Top of Entries provided

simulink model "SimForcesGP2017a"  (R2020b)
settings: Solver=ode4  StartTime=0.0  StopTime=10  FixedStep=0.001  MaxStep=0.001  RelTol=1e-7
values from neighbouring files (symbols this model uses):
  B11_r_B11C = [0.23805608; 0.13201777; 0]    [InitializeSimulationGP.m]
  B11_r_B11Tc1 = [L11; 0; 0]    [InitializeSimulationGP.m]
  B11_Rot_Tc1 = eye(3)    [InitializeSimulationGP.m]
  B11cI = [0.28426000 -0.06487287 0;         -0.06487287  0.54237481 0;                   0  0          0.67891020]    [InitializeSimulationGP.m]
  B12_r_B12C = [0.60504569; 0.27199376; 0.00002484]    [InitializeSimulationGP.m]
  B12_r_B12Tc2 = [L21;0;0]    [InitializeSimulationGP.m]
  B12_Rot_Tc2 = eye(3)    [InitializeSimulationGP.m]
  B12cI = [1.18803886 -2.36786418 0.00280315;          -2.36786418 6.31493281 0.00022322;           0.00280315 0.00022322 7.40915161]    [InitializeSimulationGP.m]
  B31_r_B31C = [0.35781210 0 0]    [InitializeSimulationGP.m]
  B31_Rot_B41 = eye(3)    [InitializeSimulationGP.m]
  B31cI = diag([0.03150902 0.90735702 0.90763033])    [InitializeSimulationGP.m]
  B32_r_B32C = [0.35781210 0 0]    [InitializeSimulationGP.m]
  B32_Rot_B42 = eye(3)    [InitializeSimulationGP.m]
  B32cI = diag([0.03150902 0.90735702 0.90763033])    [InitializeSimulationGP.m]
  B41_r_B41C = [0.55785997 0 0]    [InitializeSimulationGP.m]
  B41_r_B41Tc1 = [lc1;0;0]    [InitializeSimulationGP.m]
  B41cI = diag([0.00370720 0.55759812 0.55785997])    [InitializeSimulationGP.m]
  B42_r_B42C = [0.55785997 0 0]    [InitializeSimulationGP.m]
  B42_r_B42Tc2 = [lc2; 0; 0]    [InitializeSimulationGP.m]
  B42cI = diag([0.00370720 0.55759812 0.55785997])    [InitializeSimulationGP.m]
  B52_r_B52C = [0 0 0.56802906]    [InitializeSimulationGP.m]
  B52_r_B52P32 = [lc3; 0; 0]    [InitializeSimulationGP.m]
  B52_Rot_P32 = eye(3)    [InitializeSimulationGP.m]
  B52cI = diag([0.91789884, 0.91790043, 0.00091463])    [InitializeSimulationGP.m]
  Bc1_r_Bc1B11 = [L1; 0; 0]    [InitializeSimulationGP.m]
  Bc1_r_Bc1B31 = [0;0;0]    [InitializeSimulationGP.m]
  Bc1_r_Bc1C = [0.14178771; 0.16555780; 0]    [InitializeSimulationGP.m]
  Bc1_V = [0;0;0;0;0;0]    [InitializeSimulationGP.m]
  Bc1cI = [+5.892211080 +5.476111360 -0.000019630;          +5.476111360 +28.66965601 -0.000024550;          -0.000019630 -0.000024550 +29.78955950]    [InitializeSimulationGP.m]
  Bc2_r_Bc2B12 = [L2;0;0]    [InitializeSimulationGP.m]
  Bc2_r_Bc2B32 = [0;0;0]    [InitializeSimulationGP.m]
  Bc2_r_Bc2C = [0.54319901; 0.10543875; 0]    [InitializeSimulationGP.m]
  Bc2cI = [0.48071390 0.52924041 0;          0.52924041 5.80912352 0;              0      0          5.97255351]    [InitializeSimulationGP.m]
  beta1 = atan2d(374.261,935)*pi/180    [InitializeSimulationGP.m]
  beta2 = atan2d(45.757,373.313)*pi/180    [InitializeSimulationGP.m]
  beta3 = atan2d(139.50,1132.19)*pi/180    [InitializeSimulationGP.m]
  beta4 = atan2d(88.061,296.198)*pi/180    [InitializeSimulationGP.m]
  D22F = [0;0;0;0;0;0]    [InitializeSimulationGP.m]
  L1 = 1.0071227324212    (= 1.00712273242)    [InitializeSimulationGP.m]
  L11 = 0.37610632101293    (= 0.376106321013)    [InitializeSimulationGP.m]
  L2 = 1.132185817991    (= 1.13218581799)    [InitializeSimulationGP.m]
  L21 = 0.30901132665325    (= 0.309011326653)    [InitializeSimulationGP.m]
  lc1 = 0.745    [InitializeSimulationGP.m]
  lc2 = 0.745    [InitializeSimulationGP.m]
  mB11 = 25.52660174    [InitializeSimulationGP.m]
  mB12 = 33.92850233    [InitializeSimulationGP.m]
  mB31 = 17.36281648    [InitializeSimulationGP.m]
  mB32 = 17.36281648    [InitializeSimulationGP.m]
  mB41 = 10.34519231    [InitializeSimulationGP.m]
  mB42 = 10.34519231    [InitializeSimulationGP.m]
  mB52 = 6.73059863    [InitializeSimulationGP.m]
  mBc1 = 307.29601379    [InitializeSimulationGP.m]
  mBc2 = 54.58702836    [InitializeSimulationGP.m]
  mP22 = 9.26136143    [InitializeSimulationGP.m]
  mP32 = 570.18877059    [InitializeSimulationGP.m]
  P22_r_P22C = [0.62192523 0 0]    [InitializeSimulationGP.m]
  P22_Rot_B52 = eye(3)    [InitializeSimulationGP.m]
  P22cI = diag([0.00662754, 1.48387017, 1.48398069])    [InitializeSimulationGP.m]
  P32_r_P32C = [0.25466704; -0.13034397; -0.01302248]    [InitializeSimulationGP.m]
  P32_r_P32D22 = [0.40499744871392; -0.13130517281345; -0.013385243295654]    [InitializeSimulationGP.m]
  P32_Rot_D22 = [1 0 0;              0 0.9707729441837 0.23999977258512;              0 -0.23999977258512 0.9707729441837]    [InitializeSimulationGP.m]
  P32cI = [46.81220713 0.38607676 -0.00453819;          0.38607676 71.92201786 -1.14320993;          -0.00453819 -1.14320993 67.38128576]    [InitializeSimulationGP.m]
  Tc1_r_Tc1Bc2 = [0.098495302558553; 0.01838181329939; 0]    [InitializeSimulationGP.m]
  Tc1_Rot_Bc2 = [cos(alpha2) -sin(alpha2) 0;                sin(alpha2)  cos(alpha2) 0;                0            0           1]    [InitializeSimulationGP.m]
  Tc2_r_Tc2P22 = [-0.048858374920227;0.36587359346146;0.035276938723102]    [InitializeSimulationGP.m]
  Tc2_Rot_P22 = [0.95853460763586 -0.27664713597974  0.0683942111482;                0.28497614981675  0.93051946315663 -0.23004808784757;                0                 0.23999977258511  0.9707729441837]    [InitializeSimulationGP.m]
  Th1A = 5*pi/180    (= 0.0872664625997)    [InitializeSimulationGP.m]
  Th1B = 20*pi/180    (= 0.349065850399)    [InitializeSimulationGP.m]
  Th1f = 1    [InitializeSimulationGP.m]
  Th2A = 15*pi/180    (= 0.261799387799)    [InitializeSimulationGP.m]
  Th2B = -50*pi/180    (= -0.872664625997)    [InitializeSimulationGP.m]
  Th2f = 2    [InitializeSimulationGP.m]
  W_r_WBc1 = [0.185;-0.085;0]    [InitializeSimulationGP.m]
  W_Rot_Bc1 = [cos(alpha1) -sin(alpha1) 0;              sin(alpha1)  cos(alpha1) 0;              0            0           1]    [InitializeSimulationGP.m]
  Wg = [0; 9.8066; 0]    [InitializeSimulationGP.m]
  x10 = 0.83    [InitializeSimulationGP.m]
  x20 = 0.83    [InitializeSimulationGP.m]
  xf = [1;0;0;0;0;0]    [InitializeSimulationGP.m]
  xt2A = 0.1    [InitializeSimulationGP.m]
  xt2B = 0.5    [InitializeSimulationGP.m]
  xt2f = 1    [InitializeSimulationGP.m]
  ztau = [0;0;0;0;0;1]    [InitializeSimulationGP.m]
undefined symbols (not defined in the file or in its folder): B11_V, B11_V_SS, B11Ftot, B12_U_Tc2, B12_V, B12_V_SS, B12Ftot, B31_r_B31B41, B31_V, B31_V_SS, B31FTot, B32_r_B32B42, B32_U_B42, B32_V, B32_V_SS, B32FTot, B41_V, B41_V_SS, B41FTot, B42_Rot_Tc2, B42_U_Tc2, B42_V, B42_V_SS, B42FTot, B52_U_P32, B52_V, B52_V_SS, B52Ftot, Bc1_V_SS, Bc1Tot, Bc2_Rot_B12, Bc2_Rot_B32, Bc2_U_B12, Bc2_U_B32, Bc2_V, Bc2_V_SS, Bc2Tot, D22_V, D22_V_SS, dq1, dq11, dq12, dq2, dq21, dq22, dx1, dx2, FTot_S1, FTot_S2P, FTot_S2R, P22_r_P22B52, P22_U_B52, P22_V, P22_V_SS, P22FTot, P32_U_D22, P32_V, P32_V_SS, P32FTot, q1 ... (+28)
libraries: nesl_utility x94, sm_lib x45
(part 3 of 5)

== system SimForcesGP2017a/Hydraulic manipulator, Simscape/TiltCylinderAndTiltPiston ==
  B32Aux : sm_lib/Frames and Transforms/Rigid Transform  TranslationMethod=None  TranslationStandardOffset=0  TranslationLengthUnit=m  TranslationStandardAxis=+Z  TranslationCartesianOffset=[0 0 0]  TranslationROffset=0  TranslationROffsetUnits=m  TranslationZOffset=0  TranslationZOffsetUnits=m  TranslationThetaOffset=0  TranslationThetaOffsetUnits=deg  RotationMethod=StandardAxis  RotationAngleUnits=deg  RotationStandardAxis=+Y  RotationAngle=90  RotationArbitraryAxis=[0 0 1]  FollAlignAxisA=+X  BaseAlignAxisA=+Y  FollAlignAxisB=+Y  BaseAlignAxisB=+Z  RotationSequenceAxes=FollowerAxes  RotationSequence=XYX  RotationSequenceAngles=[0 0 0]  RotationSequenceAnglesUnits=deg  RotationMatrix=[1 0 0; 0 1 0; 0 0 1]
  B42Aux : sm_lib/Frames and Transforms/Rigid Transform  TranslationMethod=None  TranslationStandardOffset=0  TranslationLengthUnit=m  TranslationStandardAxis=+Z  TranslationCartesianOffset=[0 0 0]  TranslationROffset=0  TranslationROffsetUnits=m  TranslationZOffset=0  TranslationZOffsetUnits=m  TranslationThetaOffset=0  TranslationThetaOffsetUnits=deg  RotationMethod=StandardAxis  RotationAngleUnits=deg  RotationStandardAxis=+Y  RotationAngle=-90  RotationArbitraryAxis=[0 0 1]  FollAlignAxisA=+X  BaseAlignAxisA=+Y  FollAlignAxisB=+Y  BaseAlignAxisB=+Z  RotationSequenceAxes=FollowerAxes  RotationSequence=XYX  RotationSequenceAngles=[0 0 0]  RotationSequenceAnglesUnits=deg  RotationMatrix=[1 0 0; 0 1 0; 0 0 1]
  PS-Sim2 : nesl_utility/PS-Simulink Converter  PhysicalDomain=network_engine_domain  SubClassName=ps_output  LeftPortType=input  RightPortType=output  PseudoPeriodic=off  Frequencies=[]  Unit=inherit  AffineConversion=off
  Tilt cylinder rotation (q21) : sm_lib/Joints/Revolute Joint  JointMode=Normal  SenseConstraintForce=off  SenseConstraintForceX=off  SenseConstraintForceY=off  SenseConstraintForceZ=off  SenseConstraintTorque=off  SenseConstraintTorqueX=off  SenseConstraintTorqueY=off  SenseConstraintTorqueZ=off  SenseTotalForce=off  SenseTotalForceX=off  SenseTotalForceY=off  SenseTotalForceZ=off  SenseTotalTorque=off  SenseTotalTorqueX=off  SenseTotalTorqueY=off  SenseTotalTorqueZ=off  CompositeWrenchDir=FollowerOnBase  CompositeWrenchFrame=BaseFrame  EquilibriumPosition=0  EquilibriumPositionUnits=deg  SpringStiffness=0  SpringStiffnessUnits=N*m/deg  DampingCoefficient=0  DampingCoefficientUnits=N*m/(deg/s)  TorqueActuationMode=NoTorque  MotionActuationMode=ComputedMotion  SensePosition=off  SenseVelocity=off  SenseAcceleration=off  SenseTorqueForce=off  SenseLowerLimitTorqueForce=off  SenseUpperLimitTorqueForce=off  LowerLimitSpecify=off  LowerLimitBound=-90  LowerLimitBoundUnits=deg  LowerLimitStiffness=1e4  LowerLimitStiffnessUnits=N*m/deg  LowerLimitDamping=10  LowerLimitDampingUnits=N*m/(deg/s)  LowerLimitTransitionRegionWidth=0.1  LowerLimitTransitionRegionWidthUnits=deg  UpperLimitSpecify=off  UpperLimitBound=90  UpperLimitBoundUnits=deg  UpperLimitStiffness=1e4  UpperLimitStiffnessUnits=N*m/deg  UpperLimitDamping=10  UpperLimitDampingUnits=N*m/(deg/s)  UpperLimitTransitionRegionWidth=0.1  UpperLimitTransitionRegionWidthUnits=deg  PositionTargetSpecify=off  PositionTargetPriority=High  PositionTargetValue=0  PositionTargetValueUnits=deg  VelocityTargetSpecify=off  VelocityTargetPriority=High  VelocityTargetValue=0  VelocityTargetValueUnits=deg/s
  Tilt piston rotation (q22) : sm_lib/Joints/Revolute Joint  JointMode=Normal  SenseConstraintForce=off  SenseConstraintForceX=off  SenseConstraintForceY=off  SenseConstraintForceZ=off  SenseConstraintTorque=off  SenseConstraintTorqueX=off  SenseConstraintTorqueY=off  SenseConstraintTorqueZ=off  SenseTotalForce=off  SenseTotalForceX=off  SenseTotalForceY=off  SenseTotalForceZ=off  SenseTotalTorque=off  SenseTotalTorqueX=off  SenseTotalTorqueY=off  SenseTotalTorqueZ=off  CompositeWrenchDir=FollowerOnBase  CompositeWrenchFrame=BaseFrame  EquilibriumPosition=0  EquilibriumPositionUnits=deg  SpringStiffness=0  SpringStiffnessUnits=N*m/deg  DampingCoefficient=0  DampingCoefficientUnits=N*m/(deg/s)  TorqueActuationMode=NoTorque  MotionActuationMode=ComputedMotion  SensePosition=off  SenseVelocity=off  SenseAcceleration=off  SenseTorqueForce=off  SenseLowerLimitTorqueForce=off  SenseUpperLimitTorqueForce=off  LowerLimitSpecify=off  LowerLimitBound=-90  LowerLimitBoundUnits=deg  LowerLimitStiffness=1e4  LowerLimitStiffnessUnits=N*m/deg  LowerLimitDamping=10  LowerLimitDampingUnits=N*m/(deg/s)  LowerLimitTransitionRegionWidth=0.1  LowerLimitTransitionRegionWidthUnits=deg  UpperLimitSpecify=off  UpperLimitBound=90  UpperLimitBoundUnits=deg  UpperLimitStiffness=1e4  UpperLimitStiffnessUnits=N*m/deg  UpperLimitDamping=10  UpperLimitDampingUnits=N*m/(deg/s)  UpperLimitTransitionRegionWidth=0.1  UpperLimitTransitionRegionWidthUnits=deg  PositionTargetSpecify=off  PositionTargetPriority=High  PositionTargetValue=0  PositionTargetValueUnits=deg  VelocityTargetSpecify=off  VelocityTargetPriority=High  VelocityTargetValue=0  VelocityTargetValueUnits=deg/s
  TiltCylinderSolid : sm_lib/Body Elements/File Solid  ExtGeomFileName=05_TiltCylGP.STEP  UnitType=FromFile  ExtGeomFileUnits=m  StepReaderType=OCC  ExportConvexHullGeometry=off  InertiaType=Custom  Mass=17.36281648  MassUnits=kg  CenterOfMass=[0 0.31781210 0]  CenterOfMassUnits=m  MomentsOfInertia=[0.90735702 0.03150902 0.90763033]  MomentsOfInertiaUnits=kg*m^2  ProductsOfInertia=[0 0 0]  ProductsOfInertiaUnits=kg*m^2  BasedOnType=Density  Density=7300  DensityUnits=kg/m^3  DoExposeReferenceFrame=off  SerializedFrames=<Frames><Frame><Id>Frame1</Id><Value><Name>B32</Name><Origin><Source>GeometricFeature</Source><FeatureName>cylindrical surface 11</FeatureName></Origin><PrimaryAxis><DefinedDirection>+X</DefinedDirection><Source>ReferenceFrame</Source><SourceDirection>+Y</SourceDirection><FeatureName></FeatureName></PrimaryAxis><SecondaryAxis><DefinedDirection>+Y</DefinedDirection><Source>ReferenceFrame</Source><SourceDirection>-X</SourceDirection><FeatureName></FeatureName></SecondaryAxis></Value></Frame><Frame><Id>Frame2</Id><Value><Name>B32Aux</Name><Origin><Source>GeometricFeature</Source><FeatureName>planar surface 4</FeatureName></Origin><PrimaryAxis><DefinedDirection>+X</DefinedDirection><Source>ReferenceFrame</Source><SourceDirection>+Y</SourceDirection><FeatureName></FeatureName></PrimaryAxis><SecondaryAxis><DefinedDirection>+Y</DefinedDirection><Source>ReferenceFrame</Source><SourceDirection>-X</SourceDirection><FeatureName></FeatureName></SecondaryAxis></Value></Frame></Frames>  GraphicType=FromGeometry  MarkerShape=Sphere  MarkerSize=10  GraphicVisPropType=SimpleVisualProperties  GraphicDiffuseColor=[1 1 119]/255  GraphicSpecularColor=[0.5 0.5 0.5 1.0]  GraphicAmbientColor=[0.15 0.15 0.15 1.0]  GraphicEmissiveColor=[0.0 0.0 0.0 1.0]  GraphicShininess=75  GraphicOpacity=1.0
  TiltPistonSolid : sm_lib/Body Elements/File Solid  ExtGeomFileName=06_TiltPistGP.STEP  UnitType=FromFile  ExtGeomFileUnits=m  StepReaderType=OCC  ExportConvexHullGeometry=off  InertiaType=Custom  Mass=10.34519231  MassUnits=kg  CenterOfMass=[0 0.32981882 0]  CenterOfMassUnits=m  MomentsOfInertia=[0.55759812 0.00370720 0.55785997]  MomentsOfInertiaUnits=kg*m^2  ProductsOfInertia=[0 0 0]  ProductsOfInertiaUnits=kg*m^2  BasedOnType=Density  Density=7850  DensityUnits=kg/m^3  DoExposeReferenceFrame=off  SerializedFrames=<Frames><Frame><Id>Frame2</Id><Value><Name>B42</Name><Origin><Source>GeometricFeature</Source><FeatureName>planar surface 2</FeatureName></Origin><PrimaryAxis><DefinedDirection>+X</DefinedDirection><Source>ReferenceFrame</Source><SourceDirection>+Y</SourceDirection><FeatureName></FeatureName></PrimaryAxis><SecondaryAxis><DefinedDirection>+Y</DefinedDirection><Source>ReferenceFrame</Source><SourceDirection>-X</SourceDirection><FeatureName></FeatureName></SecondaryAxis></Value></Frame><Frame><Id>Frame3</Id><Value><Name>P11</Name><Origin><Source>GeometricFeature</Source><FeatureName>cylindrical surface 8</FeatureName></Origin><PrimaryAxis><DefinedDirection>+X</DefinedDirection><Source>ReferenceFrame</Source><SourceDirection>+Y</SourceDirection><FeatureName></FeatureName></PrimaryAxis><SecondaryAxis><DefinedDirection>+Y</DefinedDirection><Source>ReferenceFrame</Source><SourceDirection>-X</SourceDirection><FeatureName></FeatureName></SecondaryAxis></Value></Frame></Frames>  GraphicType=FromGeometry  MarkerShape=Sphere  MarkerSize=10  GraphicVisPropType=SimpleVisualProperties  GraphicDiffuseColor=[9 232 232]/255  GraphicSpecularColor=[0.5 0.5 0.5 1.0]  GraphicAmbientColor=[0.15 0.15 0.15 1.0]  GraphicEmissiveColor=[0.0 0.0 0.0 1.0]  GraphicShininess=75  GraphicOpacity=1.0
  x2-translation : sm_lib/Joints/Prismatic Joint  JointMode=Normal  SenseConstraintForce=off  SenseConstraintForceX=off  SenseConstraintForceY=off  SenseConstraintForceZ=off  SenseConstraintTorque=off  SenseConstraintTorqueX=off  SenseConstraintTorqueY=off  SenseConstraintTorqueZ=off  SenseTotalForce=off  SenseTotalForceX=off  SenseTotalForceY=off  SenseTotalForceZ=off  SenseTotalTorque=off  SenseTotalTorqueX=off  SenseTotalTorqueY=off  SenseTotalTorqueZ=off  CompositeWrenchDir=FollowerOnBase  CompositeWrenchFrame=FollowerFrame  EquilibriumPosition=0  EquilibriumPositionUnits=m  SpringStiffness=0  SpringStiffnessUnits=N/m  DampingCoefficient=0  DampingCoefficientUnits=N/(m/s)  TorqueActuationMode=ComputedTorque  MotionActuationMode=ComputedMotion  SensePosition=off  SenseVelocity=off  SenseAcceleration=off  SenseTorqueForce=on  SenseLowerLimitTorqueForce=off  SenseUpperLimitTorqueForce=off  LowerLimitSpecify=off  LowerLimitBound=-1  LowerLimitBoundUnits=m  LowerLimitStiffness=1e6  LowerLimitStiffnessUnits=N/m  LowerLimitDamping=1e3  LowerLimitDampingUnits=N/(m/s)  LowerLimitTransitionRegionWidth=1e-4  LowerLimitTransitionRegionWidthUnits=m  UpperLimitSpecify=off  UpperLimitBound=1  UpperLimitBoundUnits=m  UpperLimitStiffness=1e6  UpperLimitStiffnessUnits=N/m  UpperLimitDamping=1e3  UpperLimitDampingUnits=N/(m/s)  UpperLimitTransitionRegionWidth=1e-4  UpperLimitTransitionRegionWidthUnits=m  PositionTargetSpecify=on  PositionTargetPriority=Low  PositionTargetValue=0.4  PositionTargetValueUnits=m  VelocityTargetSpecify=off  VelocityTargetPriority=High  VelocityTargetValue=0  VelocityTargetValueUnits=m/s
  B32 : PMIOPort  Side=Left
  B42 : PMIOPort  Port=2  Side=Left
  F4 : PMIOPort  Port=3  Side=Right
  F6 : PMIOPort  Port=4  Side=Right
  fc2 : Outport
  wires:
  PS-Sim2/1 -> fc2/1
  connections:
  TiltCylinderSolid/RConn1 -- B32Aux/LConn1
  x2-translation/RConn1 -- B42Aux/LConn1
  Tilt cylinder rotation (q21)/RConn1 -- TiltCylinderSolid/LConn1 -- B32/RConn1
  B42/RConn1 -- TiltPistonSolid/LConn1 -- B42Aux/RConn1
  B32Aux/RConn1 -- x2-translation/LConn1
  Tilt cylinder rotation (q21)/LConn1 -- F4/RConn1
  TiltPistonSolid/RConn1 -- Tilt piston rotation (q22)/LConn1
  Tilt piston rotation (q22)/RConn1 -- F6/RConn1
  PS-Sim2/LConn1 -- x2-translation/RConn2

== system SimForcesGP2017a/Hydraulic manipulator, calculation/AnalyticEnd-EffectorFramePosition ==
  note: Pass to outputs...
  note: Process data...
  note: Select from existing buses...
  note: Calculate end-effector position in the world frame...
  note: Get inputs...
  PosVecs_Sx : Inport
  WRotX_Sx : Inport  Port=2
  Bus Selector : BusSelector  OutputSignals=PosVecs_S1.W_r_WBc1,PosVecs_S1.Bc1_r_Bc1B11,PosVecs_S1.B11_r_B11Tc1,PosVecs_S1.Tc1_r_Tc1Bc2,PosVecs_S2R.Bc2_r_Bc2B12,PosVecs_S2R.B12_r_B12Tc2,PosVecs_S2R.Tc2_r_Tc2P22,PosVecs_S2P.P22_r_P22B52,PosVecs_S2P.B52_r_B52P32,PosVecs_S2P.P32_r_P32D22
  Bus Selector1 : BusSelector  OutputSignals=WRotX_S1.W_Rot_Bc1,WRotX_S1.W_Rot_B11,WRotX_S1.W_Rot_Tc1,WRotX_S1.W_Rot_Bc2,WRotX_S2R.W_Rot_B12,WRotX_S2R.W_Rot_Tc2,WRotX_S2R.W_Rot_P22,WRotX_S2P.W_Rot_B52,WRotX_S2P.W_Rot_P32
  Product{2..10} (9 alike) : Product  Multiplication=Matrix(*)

Bottom of Entries provided

Go through the material above and return each line that holds the word "system".

== system SimForcesGP2017a/Hydraulic manipulator, Simscape/TiltCylinderAndTiltPiston ==
== system SimForcesGP2017a/Hydraulic manipulator, calculation/AnalyticEnd-EffectorFramePosition ==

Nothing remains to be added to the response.